━━ Provided data ━━

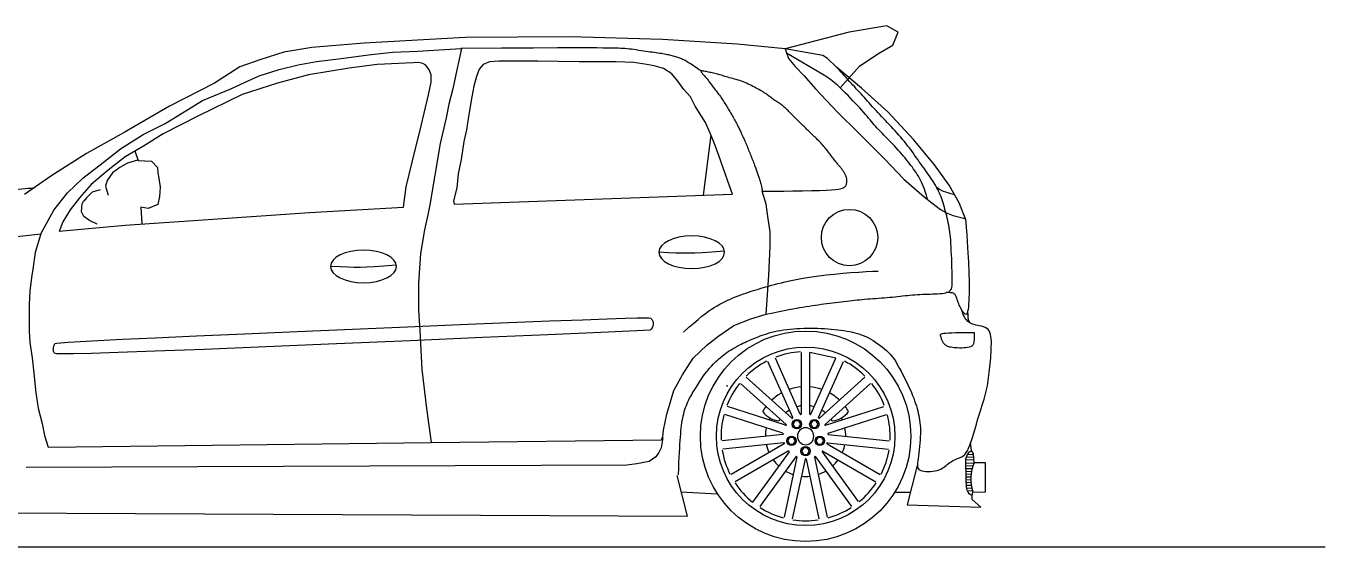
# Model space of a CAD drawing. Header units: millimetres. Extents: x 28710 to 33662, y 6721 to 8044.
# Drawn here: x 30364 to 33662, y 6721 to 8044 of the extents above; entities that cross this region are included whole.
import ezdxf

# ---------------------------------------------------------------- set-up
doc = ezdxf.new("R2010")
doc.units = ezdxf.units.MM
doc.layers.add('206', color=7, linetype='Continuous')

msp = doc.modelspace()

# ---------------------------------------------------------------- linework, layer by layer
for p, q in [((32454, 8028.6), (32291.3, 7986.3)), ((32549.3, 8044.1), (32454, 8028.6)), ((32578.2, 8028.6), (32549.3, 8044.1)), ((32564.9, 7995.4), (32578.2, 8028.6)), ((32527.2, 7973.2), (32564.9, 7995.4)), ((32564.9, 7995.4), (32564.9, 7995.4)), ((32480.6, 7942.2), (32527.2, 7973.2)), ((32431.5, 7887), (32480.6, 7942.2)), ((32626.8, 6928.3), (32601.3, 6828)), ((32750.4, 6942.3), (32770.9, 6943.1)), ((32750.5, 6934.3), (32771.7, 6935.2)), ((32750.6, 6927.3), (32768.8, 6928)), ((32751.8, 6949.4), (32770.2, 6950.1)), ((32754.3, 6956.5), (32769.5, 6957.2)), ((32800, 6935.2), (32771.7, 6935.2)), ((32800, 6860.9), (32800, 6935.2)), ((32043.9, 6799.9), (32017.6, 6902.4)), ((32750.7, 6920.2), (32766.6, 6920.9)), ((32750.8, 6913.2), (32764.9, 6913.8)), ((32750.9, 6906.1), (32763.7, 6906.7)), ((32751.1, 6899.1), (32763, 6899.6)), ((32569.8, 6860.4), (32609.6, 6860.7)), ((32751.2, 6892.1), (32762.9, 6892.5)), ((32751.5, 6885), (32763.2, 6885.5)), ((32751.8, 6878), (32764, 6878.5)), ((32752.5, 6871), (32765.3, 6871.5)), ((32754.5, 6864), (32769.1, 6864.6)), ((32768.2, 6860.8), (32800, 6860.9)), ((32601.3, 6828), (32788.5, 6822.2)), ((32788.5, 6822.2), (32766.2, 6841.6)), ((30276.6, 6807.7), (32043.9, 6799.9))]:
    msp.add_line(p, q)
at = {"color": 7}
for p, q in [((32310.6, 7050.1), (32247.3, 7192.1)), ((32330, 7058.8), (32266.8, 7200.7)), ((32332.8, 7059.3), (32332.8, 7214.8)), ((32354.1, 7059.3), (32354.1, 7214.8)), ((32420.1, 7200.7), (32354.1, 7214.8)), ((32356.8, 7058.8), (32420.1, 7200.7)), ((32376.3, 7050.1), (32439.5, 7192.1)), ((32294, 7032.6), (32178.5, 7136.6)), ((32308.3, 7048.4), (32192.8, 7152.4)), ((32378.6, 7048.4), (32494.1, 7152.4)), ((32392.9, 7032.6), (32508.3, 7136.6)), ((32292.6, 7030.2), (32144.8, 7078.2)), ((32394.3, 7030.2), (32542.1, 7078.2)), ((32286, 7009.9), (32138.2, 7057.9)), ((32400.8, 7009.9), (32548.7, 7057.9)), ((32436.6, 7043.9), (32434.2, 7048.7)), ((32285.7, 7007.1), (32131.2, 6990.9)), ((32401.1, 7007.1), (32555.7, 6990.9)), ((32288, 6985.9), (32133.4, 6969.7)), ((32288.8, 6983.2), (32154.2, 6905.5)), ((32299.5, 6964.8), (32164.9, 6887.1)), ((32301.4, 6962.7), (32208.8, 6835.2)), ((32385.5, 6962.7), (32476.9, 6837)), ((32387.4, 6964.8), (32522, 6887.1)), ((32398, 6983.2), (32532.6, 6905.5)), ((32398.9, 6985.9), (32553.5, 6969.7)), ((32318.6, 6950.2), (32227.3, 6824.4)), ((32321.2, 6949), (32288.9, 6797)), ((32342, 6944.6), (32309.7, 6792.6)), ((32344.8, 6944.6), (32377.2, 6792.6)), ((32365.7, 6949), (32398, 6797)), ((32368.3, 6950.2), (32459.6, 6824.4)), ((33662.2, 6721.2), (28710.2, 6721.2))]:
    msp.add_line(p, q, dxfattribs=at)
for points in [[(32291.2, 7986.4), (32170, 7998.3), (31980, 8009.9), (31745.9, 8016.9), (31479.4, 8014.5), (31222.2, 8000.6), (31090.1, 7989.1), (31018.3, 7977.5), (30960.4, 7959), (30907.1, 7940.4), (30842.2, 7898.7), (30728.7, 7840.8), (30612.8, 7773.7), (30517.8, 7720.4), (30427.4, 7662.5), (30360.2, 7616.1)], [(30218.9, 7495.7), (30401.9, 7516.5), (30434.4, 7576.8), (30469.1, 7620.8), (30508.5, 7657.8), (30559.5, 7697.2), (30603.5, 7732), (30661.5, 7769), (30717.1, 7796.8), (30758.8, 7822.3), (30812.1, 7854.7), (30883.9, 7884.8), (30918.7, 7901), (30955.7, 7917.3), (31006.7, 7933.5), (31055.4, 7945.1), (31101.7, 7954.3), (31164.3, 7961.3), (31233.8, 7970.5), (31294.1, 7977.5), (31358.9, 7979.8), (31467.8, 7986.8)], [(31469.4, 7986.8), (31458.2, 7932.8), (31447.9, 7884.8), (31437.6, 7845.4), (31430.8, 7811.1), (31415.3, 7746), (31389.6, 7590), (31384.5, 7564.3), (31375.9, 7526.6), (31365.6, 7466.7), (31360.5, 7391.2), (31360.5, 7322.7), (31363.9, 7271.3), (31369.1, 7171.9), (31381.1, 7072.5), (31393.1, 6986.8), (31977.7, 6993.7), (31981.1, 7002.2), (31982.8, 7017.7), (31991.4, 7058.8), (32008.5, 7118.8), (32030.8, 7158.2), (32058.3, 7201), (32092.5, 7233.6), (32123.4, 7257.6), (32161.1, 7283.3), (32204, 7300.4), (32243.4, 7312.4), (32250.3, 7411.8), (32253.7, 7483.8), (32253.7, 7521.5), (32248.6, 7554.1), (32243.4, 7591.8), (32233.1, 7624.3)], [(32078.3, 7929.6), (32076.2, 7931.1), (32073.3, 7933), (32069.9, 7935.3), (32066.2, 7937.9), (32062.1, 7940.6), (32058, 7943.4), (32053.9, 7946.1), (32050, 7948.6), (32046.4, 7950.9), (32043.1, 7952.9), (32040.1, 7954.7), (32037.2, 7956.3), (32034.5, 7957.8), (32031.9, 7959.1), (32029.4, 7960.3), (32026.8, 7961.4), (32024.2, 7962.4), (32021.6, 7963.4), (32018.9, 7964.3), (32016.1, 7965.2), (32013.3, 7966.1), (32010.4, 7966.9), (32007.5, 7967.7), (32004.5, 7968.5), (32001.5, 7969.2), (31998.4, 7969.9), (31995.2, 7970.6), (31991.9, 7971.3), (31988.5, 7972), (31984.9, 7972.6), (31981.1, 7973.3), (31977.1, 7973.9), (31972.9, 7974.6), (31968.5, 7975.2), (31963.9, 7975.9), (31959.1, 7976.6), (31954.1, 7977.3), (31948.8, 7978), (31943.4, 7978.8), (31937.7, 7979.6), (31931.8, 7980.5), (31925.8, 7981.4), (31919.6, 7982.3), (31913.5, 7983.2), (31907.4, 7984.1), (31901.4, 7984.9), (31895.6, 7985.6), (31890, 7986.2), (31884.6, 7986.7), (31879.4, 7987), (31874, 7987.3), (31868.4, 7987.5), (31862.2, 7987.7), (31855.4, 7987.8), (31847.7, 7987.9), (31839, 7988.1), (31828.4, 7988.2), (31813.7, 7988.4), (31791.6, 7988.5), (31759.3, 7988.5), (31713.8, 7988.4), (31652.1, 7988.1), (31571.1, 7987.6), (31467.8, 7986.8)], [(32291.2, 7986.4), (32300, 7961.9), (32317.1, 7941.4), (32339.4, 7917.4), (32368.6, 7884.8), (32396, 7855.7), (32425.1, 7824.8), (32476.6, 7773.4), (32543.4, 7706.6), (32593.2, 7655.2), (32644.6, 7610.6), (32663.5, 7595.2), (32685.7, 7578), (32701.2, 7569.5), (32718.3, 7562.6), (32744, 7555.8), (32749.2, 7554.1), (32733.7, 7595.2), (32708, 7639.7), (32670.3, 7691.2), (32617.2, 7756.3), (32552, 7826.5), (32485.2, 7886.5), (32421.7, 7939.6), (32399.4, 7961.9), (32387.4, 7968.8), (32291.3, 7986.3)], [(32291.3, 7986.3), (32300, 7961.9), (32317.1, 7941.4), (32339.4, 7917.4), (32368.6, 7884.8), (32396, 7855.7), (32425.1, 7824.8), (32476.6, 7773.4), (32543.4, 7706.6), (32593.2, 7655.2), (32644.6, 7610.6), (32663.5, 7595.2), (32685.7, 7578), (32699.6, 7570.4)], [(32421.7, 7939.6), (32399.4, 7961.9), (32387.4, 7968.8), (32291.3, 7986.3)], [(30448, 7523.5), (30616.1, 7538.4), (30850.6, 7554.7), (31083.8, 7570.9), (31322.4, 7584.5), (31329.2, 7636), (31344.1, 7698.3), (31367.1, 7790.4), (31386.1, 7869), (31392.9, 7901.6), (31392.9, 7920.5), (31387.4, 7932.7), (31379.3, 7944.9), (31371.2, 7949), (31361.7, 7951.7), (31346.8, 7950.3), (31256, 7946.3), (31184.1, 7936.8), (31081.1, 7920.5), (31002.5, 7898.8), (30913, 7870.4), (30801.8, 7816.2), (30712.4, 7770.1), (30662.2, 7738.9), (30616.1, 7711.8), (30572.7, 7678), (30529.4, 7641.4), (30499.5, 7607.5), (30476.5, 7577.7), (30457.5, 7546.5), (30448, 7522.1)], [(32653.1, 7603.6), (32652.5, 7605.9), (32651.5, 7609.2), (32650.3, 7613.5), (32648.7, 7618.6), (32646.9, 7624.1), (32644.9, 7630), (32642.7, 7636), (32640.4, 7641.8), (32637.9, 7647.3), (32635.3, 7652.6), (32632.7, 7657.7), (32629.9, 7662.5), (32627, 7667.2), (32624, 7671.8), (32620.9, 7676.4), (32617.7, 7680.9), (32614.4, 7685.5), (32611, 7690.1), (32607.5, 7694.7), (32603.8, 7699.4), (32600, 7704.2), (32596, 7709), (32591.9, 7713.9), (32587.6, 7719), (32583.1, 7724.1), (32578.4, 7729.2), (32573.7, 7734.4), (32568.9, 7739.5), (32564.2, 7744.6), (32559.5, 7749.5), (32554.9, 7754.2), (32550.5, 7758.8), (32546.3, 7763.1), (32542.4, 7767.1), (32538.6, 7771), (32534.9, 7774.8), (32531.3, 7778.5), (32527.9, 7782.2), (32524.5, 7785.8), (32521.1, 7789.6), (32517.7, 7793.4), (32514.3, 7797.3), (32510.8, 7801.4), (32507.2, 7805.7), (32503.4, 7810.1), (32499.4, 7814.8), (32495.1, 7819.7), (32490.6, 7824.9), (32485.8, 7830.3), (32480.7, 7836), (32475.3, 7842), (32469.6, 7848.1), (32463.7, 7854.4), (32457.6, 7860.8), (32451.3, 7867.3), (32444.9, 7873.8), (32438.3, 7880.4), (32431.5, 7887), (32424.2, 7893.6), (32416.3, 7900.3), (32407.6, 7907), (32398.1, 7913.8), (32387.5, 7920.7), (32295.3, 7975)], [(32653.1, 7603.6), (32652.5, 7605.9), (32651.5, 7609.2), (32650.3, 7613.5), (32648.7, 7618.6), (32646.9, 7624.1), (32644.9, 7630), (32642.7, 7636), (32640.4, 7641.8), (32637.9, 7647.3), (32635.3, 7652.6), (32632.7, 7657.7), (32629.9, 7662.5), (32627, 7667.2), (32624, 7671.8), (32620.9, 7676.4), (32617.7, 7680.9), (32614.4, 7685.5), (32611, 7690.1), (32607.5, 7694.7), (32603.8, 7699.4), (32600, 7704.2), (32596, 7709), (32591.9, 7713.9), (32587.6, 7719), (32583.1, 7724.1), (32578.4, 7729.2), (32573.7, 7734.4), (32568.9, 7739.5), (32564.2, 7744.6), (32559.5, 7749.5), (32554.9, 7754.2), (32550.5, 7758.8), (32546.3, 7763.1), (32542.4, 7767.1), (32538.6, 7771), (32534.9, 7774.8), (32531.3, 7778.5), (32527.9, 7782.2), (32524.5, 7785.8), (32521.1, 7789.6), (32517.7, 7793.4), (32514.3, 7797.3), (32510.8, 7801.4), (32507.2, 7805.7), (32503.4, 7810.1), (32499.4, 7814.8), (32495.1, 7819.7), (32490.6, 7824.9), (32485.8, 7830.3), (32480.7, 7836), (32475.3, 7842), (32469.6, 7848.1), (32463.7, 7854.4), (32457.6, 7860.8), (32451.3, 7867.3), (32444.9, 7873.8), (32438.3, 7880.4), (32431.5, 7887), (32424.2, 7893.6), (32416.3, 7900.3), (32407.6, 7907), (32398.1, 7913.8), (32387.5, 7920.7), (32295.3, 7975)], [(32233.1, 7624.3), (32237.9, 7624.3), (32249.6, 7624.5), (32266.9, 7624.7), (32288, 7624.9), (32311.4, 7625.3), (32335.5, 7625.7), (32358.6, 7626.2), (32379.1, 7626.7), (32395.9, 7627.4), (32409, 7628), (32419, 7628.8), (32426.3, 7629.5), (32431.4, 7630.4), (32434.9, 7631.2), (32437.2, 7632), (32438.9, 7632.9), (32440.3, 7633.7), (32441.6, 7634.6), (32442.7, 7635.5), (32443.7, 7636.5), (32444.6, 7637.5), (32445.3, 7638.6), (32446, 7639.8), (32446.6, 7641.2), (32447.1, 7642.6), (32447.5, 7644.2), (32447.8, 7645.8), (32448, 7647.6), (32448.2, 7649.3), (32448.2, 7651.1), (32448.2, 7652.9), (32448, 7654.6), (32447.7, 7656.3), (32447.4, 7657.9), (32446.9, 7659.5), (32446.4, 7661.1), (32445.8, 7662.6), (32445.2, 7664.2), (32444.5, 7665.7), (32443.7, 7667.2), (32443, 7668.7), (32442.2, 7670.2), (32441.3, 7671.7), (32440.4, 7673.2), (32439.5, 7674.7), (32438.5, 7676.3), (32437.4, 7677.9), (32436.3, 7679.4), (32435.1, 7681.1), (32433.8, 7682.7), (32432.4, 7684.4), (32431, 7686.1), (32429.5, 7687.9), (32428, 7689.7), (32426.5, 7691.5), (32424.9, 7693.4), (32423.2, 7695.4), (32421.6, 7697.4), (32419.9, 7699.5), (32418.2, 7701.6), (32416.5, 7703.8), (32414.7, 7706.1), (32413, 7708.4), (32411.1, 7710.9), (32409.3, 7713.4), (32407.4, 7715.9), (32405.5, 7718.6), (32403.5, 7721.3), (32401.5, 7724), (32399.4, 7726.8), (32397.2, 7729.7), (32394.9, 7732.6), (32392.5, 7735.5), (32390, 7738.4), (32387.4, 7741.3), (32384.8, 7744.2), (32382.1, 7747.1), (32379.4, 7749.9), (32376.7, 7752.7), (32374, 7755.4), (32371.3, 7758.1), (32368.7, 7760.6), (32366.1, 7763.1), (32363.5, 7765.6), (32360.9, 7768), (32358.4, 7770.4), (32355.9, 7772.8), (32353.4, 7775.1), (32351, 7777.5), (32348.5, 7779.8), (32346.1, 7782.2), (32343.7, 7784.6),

━━━

Pictures excluded, repeat exactly the lines from the top of the material through the line with "msp = doc.modelspace()", including both of those lines.

(Problem solution)
# Model space of a CAD drawing. Header units: millimetres. Extents: x 28710 to 33662, y 6721 to 8044.
# Drawn here: x 30364 to 33662, y 6721 to 8044 of the extents above; entities that cross this region are included whole.
import ezdxf

# ---------------------------------------------------------------- set-up
doc = ezdxf.new("R2010")
doc.units = ezdxf.units.MM
doc.layers.add('206', color=7, linetype='Continuous')

msp = doc.modelspace()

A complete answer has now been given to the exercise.